Work to be completed :: Restate word for word the lines of the entries below, starting with the line that holds "#254=CARTESIAN_POINT('',(57.4519774011299,5.,13.5));" and ending with the line that holds "#284=LINE('',#283,#282);", and no others.

Data ::
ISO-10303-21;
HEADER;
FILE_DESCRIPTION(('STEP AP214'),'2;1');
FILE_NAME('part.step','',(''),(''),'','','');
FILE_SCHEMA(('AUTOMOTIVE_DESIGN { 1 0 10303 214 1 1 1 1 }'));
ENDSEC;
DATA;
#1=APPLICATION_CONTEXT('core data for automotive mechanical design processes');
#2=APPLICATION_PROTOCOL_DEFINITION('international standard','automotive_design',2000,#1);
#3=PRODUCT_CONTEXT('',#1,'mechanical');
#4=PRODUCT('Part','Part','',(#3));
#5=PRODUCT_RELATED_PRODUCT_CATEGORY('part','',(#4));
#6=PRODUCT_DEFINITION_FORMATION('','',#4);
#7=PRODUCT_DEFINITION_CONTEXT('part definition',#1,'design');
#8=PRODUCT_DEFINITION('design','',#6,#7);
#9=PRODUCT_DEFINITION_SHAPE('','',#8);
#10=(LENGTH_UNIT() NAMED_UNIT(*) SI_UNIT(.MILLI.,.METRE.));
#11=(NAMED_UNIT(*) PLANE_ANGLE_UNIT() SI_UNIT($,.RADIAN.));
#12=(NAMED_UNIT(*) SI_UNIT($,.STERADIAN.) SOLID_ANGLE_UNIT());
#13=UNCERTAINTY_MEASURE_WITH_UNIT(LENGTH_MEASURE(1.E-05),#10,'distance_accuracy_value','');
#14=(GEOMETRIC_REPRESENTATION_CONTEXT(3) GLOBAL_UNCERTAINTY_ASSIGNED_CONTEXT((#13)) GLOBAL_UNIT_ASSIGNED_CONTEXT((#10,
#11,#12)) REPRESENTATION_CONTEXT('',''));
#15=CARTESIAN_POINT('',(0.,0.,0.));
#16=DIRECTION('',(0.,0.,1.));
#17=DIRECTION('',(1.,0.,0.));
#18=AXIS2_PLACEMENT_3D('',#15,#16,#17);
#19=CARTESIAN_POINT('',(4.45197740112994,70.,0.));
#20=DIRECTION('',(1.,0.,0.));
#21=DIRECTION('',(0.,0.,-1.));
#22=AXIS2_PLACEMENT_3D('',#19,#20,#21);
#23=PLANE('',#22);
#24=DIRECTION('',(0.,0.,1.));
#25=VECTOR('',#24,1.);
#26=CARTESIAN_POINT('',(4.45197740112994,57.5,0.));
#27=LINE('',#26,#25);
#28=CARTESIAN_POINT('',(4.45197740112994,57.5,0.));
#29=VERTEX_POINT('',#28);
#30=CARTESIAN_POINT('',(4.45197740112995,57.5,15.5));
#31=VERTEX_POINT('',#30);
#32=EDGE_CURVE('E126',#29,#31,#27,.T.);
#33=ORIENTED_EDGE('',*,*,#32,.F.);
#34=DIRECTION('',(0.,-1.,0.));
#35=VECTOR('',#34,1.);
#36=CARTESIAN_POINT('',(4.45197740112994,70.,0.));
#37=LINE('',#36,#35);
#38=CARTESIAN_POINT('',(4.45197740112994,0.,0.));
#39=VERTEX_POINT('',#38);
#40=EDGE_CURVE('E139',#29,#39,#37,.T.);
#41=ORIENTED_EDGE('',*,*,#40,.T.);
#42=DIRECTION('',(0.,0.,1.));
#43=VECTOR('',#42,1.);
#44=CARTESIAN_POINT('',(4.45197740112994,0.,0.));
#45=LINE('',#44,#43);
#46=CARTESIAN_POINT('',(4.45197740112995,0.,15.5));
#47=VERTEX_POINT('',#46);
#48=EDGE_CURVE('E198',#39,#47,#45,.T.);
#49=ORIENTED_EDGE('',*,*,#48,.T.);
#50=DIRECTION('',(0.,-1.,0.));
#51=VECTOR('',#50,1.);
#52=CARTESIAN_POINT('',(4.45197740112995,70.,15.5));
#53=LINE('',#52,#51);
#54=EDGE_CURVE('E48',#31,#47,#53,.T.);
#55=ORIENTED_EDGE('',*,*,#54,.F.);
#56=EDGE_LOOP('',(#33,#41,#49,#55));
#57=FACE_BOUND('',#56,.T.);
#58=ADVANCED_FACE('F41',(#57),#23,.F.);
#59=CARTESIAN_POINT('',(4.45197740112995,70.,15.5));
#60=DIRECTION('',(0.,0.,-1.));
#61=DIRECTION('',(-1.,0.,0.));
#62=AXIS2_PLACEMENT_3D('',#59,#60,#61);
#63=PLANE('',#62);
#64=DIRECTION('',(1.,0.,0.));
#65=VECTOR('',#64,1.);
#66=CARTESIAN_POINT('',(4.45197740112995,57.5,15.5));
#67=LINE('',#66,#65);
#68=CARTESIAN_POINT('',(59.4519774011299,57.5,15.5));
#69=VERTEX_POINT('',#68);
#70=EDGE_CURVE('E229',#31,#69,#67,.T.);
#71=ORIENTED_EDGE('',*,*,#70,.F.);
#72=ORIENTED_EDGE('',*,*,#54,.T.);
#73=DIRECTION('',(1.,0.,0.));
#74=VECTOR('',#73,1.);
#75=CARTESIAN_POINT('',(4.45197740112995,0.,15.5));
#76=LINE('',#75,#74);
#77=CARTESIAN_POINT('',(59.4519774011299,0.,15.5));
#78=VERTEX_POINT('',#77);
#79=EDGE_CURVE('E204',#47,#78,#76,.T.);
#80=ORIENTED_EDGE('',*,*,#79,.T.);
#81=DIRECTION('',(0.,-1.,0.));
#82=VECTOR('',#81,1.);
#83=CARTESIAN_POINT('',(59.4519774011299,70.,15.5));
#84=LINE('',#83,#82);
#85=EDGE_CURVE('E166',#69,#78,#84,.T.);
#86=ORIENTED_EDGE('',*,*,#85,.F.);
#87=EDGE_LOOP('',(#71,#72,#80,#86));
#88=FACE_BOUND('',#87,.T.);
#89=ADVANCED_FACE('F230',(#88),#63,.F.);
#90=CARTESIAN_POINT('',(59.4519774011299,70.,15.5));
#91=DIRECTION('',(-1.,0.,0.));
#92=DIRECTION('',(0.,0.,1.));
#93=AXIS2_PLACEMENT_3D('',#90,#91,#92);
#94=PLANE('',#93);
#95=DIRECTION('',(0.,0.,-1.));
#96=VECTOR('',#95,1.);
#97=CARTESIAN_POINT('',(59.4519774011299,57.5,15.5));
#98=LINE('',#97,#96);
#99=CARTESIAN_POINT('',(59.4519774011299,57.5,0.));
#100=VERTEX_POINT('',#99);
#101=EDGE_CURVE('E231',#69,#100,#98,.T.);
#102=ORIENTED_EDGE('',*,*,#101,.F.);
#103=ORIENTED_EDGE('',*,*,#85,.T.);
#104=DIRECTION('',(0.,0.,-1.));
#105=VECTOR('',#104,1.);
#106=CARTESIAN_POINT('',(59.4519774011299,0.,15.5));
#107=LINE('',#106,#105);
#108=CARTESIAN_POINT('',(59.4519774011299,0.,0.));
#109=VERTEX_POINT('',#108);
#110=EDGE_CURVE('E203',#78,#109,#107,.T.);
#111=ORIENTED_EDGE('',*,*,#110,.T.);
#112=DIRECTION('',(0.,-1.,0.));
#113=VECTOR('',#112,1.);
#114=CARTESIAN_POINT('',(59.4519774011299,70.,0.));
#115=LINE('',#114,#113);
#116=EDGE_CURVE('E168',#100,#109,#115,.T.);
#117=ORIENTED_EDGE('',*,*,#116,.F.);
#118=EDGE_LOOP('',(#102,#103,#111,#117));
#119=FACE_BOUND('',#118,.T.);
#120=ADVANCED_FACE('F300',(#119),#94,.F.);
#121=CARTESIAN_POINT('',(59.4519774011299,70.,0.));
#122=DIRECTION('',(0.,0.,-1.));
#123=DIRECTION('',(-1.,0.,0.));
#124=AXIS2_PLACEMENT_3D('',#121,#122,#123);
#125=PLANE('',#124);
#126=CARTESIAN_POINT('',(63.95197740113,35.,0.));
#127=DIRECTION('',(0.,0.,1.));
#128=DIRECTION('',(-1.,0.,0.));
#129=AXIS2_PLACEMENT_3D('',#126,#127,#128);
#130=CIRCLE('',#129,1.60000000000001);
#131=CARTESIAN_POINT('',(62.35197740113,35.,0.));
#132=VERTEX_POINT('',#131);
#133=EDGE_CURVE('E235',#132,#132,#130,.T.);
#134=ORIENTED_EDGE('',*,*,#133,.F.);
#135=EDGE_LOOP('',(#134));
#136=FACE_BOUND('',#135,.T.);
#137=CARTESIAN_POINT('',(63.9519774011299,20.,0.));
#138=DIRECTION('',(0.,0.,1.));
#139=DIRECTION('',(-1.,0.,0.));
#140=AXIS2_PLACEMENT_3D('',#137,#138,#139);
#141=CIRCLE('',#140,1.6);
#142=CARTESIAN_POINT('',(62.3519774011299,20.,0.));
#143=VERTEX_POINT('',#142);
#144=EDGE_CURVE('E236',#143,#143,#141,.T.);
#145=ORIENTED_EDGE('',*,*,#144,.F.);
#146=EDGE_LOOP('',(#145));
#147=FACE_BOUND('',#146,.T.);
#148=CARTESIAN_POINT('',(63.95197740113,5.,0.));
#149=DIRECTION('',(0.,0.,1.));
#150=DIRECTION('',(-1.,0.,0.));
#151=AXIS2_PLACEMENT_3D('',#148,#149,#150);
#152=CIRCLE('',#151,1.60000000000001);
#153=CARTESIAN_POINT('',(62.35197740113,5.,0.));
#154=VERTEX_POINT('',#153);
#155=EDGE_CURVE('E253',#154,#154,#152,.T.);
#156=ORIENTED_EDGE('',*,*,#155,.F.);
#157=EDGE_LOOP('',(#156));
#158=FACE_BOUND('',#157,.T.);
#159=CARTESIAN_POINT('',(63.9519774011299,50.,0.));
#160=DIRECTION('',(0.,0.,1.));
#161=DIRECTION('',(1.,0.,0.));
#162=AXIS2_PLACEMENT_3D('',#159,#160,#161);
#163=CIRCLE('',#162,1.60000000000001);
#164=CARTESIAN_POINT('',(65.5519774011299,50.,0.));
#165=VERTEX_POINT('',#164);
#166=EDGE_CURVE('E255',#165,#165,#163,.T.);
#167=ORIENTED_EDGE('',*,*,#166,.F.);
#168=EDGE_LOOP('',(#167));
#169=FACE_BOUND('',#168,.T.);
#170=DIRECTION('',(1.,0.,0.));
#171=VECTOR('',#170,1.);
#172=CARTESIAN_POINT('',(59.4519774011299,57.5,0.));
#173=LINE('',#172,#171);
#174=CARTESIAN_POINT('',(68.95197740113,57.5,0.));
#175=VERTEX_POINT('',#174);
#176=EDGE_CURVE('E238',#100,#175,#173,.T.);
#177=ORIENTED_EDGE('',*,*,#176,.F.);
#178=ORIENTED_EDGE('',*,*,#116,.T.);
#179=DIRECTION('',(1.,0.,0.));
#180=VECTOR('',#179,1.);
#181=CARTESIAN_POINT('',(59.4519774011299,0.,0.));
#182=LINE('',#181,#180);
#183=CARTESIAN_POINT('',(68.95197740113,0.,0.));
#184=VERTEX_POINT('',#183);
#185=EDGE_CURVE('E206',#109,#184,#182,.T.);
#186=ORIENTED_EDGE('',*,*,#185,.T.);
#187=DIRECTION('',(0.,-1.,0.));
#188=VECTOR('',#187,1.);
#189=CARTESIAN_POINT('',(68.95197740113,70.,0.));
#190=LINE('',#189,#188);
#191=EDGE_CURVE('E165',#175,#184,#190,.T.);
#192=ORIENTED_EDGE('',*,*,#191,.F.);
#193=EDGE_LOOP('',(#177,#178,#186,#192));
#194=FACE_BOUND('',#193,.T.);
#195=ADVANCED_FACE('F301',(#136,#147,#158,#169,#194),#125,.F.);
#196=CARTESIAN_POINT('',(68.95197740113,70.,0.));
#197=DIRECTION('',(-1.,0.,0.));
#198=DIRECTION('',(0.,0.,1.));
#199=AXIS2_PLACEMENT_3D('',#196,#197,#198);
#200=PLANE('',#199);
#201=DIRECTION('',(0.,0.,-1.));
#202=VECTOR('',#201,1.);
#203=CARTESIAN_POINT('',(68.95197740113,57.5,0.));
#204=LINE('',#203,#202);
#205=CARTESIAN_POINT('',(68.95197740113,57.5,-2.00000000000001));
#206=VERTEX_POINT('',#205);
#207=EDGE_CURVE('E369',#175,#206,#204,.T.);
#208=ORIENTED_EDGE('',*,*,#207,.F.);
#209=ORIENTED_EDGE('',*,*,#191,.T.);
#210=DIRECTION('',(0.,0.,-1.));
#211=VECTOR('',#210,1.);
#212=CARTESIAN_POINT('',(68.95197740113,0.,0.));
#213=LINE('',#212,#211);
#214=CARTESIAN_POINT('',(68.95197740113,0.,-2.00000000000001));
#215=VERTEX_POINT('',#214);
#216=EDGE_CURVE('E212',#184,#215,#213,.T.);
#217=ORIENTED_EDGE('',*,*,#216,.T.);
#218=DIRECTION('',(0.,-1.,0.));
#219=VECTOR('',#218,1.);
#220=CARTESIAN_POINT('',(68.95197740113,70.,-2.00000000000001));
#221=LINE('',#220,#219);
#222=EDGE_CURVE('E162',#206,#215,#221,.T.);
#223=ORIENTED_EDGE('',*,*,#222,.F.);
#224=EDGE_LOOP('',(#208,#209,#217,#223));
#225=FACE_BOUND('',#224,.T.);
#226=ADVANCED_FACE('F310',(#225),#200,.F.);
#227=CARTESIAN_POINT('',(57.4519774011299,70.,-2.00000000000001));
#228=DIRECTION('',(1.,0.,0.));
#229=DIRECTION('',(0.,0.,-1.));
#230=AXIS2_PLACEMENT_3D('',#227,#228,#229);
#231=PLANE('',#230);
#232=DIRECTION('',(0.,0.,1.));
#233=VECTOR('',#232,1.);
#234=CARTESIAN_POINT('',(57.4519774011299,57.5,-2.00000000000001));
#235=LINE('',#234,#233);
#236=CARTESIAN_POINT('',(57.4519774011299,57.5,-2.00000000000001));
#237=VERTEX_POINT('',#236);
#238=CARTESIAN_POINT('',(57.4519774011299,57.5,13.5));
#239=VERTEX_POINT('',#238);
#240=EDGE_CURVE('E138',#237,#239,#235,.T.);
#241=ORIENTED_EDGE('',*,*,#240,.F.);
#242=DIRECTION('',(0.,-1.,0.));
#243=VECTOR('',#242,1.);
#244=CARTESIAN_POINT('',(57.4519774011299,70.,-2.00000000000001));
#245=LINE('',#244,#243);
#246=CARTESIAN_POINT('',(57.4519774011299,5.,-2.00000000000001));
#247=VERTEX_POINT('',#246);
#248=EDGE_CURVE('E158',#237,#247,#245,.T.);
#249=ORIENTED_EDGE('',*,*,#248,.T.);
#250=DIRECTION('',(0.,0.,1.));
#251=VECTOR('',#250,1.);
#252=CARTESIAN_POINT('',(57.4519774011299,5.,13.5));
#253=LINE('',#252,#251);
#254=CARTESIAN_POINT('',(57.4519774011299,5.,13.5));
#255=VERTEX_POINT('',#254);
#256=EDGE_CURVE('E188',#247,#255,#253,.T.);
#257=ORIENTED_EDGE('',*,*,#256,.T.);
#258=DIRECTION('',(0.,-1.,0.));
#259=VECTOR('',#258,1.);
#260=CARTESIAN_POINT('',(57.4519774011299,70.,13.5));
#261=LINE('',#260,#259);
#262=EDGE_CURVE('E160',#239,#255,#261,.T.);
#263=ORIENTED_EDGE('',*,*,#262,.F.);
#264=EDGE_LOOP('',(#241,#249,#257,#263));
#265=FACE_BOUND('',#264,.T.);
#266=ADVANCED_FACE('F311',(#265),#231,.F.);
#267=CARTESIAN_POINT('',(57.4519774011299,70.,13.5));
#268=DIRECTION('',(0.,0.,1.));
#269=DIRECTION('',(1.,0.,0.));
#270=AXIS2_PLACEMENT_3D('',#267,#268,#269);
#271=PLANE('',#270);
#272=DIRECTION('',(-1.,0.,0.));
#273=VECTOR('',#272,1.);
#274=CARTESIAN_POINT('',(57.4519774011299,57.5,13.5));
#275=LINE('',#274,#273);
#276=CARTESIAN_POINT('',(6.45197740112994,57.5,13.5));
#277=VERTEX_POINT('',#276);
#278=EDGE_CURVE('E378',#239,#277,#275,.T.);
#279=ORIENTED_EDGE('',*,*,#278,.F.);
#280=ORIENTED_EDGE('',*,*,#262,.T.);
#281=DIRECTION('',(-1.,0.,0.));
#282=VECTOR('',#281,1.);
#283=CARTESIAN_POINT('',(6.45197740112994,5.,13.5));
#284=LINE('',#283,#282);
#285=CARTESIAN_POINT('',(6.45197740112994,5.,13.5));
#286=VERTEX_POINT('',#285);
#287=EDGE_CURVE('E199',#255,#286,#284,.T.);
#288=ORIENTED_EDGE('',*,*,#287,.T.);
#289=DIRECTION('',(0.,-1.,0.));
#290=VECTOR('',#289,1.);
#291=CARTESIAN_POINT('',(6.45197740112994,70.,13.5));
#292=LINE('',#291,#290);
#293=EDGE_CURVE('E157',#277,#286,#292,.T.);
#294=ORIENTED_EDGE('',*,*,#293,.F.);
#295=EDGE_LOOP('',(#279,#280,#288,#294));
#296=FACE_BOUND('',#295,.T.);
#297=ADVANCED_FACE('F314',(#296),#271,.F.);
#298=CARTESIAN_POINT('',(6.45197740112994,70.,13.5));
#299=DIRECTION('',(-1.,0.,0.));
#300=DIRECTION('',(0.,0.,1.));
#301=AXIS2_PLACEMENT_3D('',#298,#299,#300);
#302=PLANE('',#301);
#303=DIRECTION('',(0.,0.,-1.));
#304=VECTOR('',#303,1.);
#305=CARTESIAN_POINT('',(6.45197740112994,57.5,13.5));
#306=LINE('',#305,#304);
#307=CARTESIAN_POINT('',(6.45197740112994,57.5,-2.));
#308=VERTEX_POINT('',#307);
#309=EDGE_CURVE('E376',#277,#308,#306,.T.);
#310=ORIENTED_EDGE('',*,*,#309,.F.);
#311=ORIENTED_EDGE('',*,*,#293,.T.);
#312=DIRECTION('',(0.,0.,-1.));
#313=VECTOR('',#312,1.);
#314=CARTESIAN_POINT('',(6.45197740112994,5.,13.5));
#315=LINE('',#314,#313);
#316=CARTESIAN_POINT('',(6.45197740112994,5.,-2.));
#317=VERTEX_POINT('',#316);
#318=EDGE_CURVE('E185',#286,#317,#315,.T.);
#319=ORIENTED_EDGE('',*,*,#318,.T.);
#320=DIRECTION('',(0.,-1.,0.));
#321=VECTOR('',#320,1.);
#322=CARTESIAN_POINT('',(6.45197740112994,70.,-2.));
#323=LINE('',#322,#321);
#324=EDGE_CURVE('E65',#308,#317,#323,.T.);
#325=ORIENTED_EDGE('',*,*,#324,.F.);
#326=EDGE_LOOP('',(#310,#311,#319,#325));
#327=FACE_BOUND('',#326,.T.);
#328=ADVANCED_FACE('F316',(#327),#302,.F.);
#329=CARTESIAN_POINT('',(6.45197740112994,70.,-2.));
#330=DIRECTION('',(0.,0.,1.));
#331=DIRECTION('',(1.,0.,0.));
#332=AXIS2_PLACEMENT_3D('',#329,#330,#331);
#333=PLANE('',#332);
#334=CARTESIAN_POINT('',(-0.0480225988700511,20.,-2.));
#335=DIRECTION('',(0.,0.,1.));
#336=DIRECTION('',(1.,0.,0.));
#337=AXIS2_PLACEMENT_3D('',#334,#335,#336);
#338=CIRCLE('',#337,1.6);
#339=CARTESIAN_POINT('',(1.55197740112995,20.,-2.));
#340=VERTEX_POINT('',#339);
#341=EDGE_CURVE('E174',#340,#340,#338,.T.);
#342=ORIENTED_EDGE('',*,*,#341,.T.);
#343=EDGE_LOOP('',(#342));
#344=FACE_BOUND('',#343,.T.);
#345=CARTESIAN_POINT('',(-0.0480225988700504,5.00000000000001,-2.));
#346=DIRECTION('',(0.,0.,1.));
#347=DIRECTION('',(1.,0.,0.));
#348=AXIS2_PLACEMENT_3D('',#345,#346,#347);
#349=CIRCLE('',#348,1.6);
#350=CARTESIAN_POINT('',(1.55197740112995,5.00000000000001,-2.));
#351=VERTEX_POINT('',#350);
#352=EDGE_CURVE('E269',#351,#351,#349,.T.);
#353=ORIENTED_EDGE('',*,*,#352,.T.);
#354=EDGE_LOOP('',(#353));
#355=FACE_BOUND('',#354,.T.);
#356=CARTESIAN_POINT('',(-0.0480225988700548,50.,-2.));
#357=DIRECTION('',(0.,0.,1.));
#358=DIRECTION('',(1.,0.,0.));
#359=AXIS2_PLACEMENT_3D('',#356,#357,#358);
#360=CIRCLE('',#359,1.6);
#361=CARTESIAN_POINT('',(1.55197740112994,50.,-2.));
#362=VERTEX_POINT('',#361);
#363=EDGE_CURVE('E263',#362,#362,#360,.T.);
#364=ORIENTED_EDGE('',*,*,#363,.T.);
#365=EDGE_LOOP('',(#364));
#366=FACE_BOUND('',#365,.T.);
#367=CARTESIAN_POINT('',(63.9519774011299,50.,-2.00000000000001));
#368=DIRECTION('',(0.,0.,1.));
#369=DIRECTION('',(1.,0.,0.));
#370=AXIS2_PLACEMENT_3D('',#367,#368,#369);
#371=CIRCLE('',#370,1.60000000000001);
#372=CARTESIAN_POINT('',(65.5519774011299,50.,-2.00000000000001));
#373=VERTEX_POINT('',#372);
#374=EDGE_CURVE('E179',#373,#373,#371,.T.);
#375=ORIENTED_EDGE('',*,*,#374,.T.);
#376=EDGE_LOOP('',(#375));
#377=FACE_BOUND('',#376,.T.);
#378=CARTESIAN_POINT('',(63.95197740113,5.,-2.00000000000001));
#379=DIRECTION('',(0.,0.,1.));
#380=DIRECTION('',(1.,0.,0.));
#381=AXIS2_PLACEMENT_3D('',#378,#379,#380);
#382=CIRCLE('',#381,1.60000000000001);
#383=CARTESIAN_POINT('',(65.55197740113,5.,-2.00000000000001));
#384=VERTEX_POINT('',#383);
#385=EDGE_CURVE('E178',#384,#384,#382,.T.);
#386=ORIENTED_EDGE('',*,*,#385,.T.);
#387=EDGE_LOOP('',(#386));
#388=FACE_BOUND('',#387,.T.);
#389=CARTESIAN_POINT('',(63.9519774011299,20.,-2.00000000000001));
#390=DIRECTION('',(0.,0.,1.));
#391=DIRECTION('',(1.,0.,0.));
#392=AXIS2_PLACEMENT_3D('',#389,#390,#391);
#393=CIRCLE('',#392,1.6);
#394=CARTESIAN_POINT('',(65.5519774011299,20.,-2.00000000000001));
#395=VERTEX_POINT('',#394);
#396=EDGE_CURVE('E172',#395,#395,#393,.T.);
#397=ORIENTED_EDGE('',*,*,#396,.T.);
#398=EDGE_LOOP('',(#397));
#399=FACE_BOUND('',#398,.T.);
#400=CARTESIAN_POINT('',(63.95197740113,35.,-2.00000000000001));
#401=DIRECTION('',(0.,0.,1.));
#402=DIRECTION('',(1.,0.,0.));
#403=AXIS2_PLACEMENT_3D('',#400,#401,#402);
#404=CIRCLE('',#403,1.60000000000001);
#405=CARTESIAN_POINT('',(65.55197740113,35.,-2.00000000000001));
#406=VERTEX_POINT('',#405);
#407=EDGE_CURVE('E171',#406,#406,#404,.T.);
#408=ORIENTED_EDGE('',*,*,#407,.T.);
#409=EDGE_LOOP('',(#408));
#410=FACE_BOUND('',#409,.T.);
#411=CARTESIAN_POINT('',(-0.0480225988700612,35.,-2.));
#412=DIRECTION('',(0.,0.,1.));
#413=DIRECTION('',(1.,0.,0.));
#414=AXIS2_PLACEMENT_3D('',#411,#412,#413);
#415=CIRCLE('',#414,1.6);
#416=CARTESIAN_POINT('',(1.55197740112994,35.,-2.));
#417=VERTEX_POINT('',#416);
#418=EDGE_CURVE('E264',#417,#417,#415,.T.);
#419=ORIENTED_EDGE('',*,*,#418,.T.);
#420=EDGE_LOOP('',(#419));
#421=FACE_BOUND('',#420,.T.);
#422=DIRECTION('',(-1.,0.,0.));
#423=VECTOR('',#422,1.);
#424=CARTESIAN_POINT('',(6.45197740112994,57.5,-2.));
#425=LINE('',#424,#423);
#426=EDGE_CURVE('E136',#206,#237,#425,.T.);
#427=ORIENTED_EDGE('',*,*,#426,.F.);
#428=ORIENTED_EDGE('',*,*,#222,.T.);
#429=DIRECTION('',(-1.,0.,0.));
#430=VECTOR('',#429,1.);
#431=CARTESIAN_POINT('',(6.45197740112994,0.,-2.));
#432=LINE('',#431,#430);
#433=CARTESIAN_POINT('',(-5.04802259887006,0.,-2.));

Result for this task ::
#254=CARTESIAN_POINT('',(57.4519774011299,5.,13.5));
#255=VERTEX_POINT('',#254);
#256=EDGE_CURVE('E188',#247,#255,#253,.T.);
#257=ORIENTED_EDGE('',*,*,#256,.T.);
#258=DIRECTION('',(0.,-1.,0.));
#259=VECTOR('',#258,1.);
#260=CARTESIAN_POINT('',(57.4519774011299,70.,13.5));
#261=LINE('',#260,#259);
#262=EDGE_CURVE('E160',#239,#255,#261,.T.);
#263=ORIENTED_EDGE('',*,*,#262,.F.);
#264=EDGE_LOOP('',(#241,#249,#257,#263));
#265=FACE_BOUND('',#264,.T.);
#266=ADVANCED_FACE('F311',(#265),#231,.F.);
#267=CARTESIAN_POINT('',(57.4519774011299,70.,13.5));
#268=DIRECTION('',(0.,0.,1.));
#269=DIRECTION('',(1.,0.,0.));
#270=AXIS2_PLACEMENT_3D('',#267,#268,#269);
#271=PLANE('',#270);
#272=DIRECTION('',(-1.,0.,0.));
#273=VECTOR('',#272,1.);
#274=CARTESIAN_POINT('',(57.4519774011299,57.5,13.5));
#275=LINE('',#274,#273);
#276=CARTESIAN_POINT('',(6.45197740112994,57.5,13.5));
#277=VERTEX_POINT('',#276);
#278=EDGE_CURVE('E378',#239,#277,#275,.T.);
#279=ORIENTED_EDGE('',*,*,#278,.F.);
#280=ORIENTED_EDGE('',*,*,#262,.T.);
#281=DIRECTION('',(-1.,0.,0.));
#282=VECTOR('',#281,1.);
#283=CARTESIAN_POINT('',(6.45197740112994,5.,13.5));
#284=LINE('',#283,#282);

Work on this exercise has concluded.